Where a transferable documentary credit is issued, the applicant will usually have entered into a sale or other contract with the agent and it will be the agent that is named as the beneficiary of that documentary credit.

Even though an agent may have taken an active role in the establishment of a sale or purchase contract, a supplier, manufacturer or producer may still wish to maintain control over the shipment of its goods; the issuance and collation of documents in respect of that shipment; and to present those documents to a bank for honour or negotiation, under a documentary credit that has been issued in its favour. It is in these circumstances that a transferred documentary credit will serve the needs of that supplier, manufacturer or producer, or provider of the service or performance. A transferred documentary credit will allow it to perform in much the same way as if it had entered into a sale or other contract with the applicant directly and received a documentary credit in its favour. Subject to a complying presentation being made, a transferred documentary credit provides it with a payment undertaking of an issuing bank and, the benefit of confirmation if confirmation has been added to the transferable documentary credit.

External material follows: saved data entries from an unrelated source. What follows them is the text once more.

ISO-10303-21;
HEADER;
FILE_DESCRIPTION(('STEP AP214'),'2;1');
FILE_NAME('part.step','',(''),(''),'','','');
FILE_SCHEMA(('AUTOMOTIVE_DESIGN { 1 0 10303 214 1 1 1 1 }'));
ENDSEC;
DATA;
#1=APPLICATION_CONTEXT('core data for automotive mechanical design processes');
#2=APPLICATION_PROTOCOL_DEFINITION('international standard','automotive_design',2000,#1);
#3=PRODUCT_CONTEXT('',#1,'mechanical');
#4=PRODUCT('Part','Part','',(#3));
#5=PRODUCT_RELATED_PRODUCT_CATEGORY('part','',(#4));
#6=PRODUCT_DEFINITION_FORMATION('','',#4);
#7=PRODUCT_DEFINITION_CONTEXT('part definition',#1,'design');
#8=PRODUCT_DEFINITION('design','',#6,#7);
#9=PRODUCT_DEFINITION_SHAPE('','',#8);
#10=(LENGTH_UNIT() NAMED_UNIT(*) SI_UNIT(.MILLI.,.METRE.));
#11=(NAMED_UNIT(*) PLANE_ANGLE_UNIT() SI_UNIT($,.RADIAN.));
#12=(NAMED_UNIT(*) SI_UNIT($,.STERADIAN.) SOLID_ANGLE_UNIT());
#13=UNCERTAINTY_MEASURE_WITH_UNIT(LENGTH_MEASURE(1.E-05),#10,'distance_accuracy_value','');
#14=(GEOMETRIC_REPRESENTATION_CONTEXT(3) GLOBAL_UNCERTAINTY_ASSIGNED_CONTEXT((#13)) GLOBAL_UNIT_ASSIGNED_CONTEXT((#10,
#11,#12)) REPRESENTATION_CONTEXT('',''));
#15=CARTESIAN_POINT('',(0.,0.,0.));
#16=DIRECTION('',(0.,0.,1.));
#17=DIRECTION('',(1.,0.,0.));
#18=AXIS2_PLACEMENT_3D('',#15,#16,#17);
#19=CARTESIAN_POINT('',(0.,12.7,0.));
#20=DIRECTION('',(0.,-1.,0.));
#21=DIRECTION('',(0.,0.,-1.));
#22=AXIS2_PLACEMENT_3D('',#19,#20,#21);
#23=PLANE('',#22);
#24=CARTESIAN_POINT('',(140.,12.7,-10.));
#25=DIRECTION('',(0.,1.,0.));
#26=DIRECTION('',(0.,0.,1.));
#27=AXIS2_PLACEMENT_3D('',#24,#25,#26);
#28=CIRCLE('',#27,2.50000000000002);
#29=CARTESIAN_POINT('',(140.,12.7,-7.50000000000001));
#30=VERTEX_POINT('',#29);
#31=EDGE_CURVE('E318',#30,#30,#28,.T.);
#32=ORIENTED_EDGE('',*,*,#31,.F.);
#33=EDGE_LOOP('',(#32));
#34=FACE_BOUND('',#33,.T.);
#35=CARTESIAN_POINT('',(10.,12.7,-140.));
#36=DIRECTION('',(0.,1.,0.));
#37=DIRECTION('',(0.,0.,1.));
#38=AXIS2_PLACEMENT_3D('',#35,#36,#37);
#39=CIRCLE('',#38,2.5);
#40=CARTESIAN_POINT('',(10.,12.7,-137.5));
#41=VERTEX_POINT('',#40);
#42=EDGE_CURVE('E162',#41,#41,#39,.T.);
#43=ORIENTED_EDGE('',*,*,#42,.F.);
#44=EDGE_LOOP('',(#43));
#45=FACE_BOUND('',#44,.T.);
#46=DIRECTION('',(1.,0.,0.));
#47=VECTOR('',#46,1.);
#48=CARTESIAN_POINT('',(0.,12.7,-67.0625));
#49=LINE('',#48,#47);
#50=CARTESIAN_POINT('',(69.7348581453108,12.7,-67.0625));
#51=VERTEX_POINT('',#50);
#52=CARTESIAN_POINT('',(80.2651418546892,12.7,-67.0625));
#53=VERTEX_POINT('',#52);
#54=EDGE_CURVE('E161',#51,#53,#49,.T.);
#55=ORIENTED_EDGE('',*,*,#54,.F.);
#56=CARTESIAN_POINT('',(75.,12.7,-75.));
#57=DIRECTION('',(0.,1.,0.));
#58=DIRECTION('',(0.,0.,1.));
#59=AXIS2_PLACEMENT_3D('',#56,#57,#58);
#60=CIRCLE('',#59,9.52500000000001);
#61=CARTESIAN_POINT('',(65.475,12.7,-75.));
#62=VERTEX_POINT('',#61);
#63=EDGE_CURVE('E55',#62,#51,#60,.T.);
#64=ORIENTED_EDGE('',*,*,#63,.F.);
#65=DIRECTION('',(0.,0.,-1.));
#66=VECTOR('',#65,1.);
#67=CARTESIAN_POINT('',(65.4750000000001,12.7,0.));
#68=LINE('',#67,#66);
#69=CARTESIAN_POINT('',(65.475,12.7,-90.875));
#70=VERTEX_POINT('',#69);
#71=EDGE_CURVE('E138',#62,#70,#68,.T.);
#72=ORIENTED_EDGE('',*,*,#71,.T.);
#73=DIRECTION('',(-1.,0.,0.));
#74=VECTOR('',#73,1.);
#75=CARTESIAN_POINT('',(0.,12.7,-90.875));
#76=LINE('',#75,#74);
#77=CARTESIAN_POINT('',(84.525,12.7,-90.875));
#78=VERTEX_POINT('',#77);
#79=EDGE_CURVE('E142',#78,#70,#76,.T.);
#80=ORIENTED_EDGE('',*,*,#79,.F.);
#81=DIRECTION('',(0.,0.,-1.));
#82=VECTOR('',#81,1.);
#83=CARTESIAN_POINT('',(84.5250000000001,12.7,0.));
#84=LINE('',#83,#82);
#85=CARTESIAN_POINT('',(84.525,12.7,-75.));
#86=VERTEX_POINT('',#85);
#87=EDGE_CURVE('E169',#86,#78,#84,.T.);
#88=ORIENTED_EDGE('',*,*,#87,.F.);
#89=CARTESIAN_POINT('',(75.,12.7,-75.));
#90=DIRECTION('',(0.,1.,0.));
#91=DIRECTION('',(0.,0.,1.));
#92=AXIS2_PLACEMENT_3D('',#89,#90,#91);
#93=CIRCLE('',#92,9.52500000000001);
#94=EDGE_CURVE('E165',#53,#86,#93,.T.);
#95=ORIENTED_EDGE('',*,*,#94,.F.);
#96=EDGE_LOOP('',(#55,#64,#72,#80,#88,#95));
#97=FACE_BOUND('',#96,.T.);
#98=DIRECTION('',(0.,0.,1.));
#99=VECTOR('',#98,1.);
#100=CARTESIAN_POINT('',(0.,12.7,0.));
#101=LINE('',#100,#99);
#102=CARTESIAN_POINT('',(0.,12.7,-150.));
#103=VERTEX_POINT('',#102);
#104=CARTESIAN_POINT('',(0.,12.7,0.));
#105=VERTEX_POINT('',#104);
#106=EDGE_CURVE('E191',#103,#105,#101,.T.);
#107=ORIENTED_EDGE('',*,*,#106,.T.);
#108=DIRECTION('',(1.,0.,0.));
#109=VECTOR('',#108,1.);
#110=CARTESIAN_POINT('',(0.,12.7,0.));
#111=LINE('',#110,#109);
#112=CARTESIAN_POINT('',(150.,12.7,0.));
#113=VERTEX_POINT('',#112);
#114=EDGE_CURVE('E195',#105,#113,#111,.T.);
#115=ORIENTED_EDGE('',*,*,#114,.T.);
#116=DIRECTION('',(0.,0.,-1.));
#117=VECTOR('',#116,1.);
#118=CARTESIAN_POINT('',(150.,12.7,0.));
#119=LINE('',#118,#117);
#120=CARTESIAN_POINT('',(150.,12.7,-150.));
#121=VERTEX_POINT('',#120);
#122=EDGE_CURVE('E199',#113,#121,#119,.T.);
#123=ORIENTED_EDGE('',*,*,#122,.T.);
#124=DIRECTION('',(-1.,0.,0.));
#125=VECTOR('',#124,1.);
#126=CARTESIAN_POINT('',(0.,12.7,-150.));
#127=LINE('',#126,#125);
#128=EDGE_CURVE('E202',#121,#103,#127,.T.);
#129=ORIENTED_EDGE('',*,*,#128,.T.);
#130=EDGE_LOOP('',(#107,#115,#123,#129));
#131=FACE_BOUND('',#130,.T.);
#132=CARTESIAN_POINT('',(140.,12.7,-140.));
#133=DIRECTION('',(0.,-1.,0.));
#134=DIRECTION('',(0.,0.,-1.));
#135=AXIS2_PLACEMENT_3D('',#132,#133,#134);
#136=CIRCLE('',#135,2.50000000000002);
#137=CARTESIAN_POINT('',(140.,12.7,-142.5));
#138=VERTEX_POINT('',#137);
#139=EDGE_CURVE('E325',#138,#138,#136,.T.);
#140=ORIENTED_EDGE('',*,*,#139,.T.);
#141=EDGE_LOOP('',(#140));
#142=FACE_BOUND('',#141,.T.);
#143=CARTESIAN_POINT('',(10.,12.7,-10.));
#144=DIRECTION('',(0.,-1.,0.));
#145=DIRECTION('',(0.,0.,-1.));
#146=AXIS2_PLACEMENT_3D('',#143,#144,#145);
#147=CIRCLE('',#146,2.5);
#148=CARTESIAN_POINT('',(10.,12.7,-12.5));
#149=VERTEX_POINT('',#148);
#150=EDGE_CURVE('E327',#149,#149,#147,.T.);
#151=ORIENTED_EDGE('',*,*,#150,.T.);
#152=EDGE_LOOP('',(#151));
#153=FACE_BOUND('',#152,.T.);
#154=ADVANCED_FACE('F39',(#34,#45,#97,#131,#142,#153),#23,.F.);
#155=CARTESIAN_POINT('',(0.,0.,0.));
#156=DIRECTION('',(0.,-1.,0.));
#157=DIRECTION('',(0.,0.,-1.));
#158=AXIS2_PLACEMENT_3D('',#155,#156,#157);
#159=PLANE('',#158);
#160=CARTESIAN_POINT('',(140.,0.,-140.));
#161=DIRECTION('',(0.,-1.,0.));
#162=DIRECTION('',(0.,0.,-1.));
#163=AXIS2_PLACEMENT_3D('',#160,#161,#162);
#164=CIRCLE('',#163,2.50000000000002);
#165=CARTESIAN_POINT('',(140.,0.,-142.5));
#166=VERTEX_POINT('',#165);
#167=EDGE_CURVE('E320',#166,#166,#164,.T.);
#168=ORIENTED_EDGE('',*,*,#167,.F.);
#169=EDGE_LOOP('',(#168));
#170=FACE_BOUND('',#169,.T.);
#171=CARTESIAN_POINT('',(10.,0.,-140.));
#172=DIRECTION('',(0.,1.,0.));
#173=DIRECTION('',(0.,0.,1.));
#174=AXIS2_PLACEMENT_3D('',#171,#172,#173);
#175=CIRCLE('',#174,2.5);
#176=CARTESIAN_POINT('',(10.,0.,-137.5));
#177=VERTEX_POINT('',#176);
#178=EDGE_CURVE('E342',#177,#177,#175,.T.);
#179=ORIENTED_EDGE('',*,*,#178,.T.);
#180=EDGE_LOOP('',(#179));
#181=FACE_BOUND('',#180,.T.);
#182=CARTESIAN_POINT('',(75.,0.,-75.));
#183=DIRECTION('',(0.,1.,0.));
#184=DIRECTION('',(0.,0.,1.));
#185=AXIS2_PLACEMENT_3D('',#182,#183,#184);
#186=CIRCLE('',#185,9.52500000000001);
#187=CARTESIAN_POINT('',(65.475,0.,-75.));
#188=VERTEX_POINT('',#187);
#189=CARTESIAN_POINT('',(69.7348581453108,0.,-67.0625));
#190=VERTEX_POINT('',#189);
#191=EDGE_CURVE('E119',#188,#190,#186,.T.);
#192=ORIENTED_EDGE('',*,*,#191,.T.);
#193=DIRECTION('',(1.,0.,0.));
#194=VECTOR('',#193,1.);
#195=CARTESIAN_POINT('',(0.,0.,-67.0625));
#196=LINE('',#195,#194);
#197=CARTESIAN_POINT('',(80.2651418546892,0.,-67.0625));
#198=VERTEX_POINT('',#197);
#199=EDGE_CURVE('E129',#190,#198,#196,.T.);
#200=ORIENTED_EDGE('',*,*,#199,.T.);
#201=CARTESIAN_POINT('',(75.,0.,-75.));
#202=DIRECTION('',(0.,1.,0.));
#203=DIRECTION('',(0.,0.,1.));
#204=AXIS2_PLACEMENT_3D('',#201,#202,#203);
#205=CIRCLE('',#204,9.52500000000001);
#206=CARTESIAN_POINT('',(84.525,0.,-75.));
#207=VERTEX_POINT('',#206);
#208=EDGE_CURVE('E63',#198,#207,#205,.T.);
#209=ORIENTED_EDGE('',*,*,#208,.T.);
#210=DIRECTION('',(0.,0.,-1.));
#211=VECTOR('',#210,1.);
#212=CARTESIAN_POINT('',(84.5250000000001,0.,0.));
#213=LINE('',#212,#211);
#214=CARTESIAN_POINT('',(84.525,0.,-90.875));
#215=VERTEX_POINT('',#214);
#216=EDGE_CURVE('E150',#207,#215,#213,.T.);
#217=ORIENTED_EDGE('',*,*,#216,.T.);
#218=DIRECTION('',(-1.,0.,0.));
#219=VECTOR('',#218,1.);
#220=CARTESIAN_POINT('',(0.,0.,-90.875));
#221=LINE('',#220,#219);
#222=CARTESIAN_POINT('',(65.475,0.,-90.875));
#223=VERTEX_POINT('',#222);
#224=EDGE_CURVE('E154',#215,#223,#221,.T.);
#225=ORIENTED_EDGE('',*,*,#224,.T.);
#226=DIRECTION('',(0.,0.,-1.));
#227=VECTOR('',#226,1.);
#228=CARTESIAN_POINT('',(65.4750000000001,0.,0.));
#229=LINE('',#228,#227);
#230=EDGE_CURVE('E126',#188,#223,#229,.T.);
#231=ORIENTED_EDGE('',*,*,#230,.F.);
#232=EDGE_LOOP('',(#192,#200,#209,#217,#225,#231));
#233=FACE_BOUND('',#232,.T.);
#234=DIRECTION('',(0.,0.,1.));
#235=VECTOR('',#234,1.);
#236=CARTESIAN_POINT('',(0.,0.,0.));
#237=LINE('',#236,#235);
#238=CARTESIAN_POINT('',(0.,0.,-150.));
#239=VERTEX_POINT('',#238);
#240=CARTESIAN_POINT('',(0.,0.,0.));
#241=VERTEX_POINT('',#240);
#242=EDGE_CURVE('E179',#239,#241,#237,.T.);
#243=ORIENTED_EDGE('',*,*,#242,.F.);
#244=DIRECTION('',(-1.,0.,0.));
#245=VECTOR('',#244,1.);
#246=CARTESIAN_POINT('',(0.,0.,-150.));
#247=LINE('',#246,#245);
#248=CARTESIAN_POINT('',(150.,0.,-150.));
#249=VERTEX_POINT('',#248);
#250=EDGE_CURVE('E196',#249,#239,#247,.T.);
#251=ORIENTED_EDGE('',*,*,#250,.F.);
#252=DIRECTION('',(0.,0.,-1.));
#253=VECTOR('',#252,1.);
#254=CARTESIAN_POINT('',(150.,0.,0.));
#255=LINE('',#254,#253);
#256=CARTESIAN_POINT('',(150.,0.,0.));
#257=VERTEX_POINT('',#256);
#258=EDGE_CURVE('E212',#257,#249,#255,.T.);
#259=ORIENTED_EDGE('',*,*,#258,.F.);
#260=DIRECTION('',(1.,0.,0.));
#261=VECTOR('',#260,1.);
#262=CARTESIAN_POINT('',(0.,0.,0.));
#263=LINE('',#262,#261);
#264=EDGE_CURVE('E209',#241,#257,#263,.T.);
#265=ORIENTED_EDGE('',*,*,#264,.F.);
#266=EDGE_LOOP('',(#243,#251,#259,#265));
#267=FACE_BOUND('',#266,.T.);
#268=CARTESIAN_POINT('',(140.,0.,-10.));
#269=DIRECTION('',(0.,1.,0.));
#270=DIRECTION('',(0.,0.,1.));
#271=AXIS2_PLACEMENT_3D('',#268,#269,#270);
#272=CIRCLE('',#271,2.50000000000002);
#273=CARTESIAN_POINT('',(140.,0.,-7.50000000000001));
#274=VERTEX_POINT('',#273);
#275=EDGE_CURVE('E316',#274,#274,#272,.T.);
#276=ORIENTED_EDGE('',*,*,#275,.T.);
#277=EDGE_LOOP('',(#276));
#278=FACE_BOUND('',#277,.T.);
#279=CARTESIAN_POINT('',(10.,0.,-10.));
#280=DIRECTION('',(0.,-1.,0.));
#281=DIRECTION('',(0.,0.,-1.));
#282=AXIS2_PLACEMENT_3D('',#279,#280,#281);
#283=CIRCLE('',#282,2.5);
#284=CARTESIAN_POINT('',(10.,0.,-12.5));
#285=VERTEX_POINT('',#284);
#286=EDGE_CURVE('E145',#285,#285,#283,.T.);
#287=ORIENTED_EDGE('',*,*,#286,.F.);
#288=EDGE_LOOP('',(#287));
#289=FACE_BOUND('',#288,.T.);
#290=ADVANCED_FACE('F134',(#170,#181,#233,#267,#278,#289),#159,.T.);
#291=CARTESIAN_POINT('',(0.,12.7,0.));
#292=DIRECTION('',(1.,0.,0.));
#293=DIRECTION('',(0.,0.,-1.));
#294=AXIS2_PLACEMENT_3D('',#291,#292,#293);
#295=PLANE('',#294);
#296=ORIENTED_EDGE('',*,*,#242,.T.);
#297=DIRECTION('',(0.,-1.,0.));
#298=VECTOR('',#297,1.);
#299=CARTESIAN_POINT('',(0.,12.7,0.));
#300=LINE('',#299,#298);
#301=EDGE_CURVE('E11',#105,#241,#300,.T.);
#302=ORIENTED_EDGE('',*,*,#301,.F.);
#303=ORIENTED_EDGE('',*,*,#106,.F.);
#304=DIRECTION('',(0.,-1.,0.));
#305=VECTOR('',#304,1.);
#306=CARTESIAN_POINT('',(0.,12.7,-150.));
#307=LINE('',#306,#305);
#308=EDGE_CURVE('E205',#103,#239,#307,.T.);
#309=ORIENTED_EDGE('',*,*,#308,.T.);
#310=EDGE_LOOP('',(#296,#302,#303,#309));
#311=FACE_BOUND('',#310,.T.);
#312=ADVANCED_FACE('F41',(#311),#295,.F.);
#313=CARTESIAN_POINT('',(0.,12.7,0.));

Transferring a standby letter of credit - UCP vs. ISP

When issuing any form of standby letter of credit the first decision is often which rules are to apply to it - UCP or ISP. A decision of whether to use UCP or ISP is even more relevant when the standby letter of credit is to be transferable.

It should be clear to any letter of credit professional that the UCP is not structured to deal with the intricacies and issues that arise out of the issuance of a standby letter of credit. In this respect, article 1, in declaring the scope and application of the UCP, merely states "(including, to the extent to which they may be applicable, any standby letter of credit)". A number of disputes that have arisen under standby letters of credit subject to UCP can be directly attributed to different interpretations by the parties as to which articles will or will not apply.

It can be that certain transactions are more appropriate for issuance under one set of rules than the other. However, when issuing a transferable standby letter of credit, there needs to be an understanding of the potential areas of concern within the rules and where better protection may lie.